--- Dataset extract ---
-.-.-

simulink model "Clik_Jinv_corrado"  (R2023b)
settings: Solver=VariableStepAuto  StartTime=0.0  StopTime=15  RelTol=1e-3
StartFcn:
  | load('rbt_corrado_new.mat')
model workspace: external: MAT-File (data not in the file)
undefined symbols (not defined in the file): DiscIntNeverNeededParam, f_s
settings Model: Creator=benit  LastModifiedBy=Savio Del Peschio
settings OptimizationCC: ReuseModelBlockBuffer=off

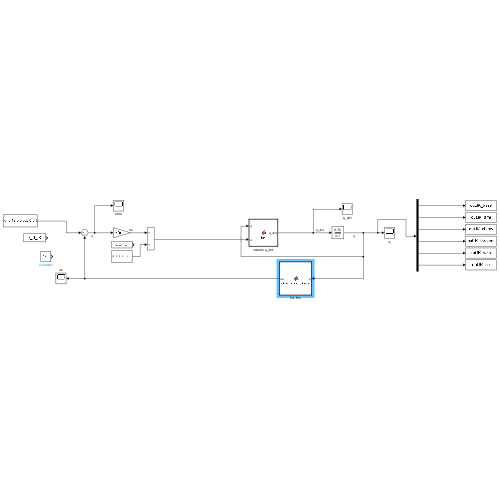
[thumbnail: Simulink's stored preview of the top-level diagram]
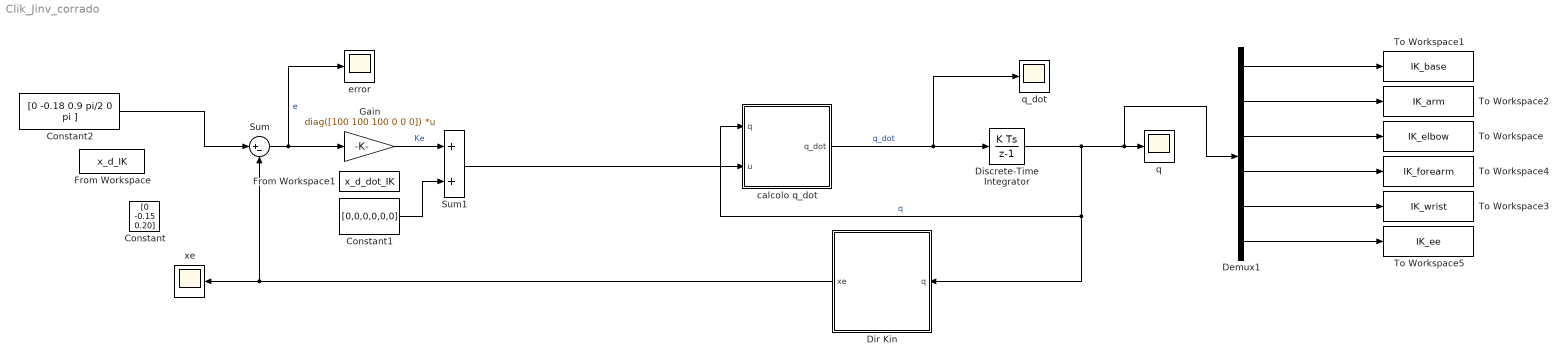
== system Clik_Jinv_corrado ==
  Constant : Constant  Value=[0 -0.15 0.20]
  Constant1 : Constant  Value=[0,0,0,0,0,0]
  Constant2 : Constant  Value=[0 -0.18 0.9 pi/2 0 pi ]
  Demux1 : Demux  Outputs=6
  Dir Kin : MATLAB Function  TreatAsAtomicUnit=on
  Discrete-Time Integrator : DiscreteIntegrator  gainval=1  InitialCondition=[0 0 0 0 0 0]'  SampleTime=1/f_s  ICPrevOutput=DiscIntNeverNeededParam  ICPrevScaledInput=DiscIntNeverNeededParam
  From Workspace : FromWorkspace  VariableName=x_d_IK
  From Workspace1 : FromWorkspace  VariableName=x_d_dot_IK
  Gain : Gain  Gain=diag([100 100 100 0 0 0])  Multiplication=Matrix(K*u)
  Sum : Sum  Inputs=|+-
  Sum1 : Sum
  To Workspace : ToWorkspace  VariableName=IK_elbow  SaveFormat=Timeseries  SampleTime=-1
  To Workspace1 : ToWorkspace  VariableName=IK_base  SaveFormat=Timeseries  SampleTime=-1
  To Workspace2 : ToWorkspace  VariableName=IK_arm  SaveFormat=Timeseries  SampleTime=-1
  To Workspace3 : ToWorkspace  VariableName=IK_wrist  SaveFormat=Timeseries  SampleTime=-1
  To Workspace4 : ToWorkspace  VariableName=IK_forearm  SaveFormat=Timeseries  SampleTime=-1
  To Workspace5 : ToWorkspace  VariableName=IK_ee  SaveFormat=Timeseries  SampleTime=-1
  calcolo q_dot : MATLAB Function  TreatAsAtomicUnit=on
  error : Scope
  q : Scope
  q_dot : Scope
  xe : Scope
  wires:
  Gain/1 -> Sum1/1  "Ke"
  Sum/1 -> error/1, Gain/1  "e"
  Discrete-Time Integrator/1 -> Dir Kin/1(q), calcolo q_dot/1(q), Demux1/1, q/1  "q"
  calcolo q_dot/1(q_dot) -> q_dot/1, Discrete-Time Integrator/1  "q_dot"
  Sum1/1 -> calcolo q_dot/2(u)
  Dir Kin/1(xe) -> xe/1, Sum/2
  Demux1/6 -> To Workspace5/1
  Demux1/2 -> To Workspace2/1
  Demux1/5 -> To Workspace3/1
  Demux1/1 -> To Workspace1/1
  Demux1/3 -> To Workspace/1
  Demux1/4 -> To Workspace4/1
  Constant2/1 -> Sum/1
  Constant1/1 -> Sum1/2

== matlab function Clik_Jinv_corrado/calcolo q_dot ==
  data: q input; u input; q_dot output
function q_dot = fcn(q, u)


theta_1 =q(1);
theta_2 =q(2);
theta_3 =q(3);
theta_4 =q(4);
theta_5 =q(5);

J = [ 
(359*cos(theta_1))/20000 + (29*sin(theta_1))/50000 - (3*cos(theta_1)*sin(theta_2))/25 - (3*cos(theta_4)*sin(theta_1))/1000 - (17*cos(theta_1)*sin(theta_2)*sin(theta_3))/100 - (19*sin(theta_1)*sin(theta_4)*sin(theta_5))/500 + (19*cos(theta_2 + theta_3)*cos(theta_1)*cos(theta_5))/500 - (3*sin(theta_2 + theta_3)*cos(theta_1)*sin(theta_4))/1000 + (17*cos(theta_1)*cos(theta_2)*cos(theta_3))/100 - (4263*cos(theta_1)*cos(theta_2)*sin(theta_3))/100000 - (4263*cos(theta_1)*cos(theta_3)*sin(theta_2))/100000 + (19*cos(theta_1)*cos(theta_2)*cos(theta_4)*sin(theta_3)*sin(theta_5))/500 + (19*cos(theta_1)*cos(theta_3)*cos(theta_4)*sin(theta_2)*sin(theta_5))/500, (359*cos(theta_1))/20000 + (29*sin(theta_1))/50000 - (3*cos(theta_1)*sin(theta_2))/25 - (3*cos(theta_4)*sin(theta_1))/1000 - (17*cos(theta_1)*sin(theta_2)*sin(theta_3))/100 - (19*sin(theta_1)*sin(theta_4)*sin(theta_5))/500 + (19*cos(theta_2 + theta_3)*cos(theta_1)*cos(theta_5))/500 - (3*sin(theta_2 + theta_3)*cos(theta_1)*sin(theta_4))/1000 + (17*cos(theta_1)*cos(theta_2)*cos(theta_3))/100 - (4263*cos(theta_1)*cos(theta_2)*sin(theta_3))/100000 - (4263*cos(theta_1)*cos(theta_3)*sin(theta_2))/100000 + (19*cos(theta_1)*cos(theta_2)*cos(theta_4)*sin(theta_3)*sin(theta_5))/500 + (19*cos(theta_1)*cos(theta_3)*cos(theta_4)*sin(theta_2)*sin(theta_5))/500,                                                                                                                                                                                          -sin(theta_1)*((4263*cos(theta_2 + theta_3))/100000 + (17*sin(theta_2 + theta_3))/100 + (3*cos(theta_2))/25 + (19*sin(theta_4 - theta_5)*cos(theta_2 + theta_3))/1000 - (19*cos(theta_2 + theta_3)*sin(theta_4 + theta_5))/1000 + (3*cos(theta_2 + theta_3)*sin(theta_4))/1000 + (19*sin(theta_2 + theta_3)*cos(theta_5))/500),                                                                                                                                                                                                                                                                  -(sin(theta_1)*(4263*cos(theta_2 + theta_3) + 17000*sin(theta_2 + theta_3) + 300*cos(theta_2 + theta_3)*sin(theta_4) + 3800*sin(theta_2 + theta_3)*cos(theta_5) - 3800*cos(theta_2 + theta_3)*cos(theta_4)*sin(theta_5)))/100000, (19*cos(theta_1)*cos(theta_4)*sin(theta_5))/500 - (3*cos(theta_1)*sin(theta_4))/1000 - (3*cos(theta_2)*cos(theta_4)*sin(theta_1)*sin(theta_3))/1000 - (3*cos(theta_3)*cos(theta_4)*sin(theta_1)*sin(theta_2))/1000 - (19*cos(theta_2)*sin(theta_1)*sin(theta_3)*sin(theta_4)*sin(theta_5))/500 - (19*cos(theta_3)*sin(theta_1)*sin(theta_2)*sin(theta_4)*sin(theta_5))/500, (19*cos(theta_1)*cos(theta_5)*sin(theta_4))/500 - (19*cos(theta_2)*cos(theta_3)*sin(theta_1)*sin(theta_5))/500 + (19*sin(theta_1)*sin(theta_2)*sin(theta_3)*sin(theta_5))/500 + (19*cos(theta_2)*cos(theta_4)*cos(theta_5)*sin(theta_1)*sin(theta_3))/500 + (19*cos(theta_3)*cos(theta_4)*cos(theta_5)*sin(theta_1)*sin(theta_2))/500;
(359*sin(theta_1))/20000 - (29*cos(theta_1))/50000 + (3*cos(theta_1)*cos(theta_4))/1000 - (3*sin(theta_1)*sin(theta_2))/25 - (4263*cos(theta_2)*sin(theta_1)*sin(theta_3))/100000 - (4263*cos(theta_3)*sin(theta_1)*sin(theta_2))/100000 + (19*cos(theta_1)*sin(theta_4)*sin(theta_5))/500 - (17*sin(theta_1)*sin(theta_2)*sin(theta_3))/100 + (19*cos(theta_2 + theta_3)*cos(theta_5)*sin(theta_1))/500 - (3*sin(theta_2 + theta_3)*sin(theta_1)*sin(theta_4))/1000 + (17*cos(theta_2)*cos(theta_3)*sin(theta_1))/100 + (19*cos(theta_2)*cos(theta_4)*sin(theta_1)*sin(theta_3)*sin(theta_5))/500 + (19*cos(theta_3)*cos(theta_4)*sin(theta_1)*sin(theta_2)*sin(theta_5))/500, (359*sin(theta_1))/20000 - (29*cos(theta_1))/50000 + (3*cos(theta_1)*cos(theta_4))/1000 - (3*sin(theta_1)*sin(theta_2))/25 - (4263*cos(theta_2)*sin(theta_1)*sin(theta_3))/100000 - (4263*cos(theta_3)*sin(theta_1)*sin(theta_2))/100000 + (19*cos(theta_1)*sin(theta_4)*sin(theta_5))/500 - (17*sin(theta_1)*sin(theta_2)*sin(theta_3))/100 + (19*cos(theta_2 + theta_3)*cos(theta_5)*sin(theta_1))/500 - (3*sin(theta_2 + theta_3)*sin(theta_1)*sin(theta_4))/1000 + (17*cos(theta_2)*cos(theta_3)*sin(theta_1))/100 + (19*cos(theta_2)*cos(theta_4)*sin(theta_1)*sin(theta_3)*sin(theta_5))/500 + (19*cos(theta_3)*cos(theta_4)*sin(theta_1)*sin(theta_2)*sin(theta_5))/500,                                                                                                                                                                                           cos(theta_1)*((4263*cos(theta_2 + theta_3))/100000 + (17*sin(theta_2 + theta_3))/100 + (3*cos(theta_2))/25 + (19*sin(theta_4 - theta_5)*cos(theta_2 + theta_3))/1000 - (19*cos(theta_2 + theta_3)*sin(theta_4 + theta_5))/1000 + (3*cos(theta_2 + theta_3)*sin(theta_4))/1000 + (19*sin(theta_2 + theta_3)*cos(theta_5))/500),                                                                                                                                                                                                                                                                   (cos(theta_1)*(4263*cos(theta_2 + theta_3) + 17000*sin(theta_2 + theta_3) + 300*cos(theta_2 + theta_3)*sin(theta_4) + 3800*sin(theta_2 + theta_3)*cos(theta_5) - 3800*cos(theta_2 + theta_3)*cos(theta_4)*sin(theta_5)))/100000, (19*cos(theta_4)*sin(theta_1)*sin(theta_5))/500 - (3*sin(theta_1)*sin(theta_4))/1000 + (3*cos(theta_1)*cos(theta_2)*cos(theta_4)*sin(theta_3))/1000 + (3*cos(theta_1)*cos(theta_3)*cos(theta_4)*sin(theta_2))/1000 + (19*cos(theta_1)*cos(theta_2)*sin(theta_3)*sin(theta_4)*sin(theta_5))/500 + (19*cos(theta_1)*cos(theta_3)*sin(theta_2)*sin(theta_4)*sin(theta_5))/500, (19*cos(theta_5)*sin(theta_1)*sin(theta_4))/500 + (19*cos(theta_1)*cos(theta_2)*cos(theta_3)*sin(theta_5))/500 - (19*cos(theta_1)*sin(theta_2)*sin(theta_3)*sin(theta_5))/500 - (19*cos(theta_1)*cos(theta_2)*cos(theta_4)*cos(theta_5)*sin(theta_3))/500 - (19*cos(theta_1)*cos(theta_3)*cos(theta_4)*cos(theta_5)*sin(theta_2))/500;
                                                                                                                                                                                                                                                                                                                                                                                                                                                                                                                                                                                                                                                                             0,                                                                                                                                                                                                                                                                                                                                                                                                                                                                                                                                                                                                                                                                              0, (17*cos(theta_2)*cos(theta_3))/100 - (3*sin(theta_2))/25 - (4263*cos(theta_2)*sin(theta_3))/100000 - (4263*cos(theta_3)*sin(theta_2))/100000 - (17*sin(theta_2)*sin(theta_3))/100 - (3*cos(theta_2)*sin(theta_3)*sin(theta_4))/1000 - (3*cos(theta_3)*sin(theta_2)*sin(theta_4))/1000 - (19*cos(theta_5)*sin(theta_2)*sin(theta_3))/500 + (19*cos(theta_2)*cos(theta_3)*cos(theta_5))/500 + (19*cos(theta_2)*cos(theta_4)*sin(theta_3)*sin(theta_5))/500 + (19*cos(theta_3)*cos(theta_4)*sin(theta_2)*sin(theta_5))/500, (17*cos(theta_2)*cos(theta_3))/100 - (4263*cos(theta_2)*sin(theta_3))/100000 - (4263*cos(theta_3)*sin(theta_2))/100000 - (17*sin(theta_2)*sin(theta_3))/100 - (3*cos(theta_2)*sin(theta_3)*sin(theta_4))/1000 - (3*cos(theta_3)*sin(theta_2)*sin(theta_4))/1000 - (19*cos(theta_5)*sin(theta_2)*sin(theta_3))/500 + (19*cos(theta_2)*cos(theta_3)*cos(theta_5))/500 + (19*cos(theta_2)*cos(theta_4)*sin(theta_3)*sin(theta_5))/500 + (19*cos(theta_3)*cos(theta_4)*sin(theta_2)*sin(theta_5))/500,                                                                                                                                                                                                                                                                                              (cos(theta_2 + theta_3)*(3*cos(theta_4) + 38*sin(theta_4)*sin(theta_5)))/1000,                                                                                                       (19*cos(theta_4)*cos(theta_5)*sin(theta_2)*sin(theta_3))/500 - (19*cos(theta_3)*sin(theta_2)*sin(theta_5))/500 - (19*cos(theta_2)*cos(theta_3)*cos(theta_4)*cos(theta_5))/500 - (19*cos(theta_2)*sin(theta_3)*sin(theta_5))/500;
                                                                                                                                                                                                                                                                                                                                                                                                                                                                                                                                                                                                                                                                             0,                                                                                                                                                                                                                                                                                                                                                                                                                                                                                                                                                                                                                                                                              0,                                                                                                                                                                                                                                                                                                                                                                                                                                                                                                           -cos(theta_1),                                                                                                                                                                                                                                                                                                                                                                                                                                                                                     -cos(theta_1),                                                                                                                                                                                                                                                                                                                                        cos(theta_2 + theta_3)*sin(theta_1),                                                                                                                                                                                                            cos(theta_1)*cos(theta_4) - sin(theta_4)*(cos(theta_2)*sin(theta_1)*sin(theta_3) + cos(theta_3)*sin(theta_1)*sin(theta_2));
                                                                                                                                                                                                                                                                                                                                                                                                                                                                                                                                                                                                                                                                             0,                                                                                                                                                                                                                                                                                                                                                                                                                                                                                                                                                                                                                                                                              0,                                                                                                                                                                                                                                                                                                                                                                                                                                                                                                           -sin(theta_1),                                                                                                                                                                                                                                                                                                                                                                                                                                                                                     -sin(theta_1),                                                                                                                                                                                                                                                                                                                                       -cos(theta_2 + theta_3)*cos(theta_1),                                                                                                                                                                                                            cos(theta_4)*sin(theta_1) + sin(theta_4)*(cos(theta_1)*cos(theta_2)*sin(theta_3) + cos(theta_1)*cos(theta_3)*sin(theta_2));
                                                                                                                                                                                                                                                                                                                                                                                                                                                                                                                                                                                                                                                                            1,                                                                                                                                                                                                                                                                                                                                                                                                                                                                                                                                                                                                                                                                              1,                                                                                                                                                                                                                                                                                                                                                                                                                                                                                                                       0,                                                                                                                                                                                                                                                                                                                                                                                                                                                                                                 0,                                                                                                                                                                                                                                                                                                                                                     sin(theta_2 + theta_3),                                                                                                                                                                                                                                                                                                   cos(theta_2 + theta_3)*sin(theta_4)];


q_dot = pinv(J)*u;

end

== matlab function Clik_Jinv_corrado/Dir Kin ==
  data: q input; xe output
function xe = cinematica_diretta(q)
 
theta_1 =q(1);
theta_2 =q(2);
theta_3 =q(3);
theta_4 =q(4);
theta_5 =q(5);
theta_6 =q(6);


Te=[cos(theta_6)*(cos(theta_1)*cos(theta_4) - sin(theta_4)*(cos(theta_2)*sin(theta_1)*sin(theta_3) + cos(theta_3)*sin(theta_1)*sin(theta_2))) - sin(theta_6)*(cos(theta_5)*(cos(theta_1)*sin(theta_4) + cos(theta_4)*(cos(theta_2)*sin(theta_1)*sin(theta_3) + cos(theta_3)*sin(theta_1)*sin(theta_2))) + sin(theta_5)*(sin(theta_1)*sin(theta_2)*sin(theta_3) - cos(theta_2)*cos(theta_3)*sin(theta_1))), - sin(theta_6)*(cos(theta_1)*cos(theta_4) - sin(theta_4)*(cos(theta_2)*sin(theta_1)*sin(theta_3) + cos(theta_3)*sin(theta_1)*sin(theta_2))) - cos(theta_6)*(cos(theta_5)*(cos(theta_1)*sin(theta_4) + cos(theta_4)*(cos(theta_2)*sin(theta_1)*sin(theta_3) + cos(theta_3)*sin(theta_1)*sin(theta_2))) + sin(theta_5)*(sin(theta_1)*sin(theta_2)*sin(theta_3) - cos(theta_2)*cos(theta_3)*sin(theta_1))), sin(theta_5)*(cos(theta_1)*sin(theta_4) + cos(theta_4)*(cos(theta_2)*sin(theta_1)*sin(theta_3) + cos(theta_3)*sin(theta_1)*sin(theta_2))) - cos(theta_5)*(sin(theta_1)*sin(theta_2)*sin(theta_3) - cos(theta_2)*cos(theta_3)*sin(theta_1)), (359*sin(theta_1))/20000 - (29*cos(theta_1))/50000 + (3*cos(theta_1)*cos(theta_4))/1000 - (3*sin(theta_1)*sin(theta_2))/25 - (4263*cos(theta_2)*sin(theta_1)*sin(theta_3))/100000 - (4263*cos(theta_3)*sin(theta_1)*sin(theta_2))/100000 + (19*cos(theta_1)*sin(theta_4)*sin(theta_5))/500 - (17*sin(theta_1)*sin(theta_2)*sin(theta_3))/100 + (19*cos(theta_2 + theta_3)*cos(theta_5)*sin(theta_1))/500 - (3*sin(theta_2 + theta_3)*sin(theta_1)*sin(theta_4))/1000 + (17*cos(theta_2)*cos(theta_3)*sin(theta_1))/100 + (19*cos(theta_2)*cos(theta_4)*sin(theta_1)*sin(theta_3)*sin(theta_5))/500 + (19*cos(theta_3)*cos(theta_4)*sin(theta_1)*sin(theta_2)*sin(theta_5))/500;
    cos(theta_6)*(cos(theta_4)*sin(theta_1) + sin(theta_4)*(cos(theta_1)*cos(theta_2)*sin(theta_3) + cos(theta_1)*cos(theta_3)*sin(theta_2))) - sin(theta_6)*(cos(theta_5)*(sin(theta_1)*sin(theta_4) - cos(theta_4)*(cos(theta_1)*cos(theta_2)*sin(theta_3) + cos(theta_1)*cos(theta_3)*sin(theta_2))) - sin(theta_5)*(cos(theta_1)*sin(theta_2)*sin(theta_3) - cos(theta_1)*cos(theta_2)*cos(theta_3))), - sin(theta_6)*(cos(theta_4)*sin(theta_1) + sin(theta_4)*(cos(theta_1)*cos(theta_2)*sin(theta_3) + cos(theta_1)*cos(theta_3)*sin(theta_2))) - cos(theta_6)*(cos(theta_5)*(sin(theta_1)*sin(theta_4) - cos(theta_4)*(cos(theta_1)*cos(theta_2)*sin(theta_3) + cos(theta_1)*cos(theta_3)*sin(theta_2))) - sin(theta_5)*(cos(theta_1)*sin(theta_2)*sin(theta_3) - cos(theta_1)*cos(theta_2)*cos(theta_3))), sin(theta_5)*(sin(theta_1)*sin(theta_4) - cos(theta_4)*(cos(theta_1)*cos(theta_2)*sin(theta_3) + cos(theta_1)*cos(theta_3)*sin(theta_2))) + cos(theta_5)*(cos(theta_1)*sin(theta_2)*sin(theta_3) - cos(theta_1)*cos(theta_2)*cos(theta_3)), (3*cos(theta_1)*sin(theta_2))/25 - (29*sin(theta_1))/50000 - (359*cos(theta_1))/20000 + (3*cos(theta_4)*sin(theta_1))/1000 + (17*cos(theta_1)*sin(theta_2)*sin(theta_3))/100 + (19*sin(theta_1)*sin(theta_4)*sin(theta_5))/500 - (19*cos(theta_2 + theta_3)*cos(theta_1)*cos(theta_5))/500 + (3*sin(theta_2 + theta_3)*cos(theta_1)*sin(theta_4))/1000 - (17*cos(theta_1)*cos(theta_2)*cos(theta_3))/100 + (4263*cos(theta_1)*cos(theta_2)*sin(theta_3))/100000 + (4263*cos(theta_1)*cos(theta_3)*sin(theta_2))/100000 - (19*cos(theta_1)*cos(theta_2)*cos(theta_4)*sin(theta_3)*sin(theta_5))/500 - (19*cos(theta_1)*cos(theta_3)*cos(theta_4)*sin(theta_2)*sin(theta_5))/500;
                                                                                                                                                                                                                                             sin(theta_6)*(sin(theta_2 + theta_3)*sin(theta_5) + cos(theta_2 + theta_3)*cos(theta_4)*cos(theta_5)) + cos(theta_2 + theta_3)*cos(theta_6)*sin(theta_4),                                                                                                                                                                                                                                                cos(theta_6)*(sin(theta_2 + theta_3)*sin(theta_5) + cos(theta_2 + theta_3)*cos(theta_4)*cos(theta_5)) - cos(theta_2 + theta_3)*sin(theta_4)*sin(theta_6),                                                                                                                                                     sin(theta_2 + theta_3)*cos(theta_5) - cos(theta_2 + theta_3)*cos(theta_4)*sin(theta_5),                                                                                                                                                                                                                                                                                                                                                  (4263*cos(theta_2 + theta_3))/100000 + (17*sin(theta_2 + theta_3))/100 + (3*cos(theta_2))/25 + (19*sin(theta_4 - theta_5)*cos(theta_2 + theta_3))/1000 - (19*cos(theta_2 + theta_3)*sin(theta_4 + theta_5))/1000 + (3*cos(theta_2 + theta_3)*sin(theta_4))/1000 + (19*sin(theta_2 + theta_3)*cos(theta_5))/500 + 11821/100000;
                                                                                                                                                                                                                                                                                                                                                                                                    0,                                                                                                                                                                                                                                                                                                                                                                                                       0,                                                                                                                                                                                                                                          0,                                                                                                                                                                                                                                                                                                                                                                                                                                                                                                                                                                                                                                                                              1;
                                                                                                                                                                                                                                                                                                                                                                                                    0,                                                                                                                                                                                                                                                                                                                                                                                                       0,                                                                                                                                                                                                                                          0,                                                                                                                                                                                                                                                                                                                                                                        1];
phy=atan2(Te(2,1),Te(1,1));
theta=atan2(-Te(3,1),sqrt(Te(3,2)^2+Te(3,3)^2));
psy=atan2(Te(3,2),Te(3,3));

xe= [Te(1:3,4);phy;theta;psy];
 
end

-.-.-

--- Action item ---
Copy out each line of the records where the string "VariableName" appears.

--- Response to the exercise ---
  From Workspace : FromWorkspace  VariableName=x_d_IK
  From Workspace1 : FromWorkspace  VariableName=x_d_dot_IK
  To Workspace : ToWorkspace  VariableName=IK_elbow  SaveFormat=Timeseries  SampleTime=-1
  To Workspace1 : ToWorkspace  VariableName=IK_base  SaveFormat=Timeseries  SampleTime=-1
  To Workspace2 : ToWorkspace  VariableName=IK_arm  SaveFormat=Timeseries  SampleTime=-1
  To Workspace3 : ToWorkspace  VariableName=IK_wrist  SaveFormat=Timeseries  SampleTime=-1
  To Workspace4 : ToWorkspace  VariableName=IK_forearm  SaveFormat=Timeseries  SampleTime=-1
  To Workspace5 : ToWorkspace  VariableName=IK_ee  SaveFormat=Timeseries  SampleTime=-1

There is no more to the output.